Pero no me estaba saludando. Tampoco me estaba haciendo una peineta. Me estaba diciendo que aminorara la velocidad. Y no porque la de mi scooter fuera temeraria, sino porque me prevenía el motero, muchas gracias, de un cruce vigilado por la Guardia Civil.
No me estoy indultando a mí mismo, que no es la primera vez, sino a los conductores de scooter en nuestra falta de prestigio. Nos parecemos, creo, a los sujetos que llevan una zodiac en el mar. Los marineros se saludan entre sí en sus barcos de vela, pero desprecian las lanchas neumáticas, igual que los moteros recelan de los scooters.
Me lo demostró el viaje por carretera que decidí emprender este fin de semana. Viaje breve, prudente, porque llevo poco tiempo con el scooter, pero expuesto, el viaje, a la altivez de los moteros de alta cilindrada. Y agradecí el gesto que me advertía de la benemérita en posición de multa, pero me hubiera conmovido ese saludo sutil con que los moteros se saludan y se reconocen a sí mismos. Tribu de liturgias propias. Y refractaria a la profanación del scooter.

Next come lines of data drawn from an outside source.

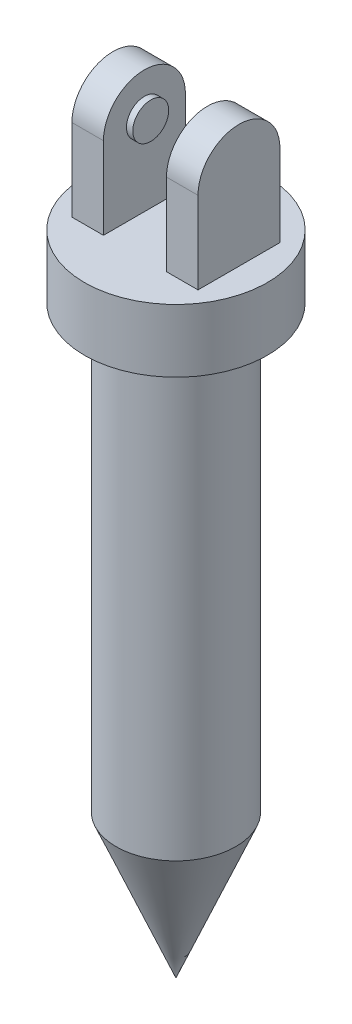
from build123d import *

# Parameters (mm, degrees)
SKETCH1_R           = 14.5
BOSS_EXTRUDE1_DEPTH = 10
BOSS_EXTRUDE2_DEPTH = 20
CUT_EXTRUDE1_DEPTH  = 20
SKETCH5_W           = 10
SKETCH5_H           = 20
CUT_EXTRUDE2_DEPTH  = 20
SKETCH6_R           = 2.85
BOSS_EXTRUDE3_DEPTH = 1
SCALE1_SCALE        = 0.5
SKETCH7_R           = 4.75
BOSS_EXTRUDE4_DEPTH = 35


with BuildPart() as part:
    # Sketch1 → Boss-Extrude1 (new body)
    with BuildSketch(Plane(origin=(0, 0, 0), x_dir=(1, 0, 0), z_dir=(0, 1, 0))):
        with Locations(Location((0, 0, 0), (0, 0, 270))):
            Circle(SKETCH1_R)
    extrude(amount=BOSS_EXTRUDE1_DEPTH)

    # Sketch2 → Boss-Extrude2 (add)
    with BuildSketch(Plane(origin=(0, 10, 0), x_dir=(1, 0, 0), z_dir=(0, 1, 0))):
        Polygon((-10, 0), (-10, 10), (10, 10), (10, -10), (-10, -10), align=None)
    extrude(amount=BOSS_EXTRUDE2_DEPTH)

    # Sketch3 → Cut-Extrude1 (cut)
    with BuildSketch(Plane.ZY.offset(10)):
        with BuildLine():
            Line((-6.5, 23), (-6.5, 10))
            Line((-6.5, 10), (-10, 10))
            Line((-10, 10), (-10, 30))
            Line((-10, 30), (10, 30))
            Line((10, 30), (10, 10))
            Line((10, 10), (6.5, 10))
            Line((6.5, 10), (6.5, 23))
            ThreePointArc((6.5, 23), (0, 29.5), (-6.5, 23))
        make_face()
    extrude(amount=-CUT_EXTRUDE1_DEPTH, mode=Mode.SUBTRACT)

    # Sketch5 → Cut-Extrude2 (cut)
    with BuildSketch(Plane.XY.offset(6.5)):
        with Locations((0, 20)):
            Rectangle(SKETCH5_W, SKETCH5_H)
    extrude(amount=-CUT_EXTRUDE2_DEPTH, mode=Mode.SUBTRACT)

    # Sketch6 → Boss-Extrude3 (add)
    with BuildSketch(Plane(origin=(-5, 0, 0), x_dir=(0, 0, -1), z_dir=(1, 0, 0))):
        with Locations(Location((0, 23, 0), (0, 0, 270))):
            Circle(SKETCH6_R)
    boss_extrude3 = extrude(amount=BOSS_EXTRUDE3_DEPTH)

    # Mirror1: Boss-Extrude3 across plane
    add(boss_extrude3.mirror(Plane(origin=(0, 0, 0), x_dir=(0, 0, 1), z_dir=(1, 0, 0))))


with BuildPart() as part_1:
    # Scale1: scaled about (0, 0, 0)
    add(part.part.scale(SCALE1_SCALE))

    # Sketch7 → Boss-Extrude4 (add)
    with BuildSketch(Plane.XZ):
        with Locations(Location((0, 0, 0), (0, 0, 270))):
            Circle(SKETCH7_R)
    extrude(amount=BOSS_EXTRUDE4_DEPTH)

    # Sketch8 → Revolve1 (revolve)
    with BuildSketch(Plane.XY, mode=Mode.PRIVATE) as revolve1_sk:
        Polygon((0, -35), (4.75, -35), (0, -46.4), align=None)
    revolve(revolve1_sk.sketch.rotate(Axis((0, -35, 0), (0, -1, 0)), 90), axis=Axis((0, -35, 0), (0, -1, 0)))


solid = part_1.part

Debemos parecerles vendedores de pizza a domicilio, reguladores de aparcamiento, mensajeros, pijos urbanitas. Saben que un scooter ni siquiera necesita carnet. Ni tiene marchas. Ni respeta las leyes de la aerodinámica.
Por eso, los conductores de scooter tampoco alcanzamos la categoría de tribu propia. Nos falta glamour, personalidad, rituales, indumentaria, uniforme. Y no nos saludamos con la mano. Porque sabemos que estaríamos haciendo el ridículo.
Así es que la única forma de sentirnos moteros es cuando nos bajamos. El casco, los guantes, la chupa reforzada. Y los andares de John Wayne. Aparcando nuestro scooter entre una Harley y una Honda, ningún viandante duda de nuestra épica.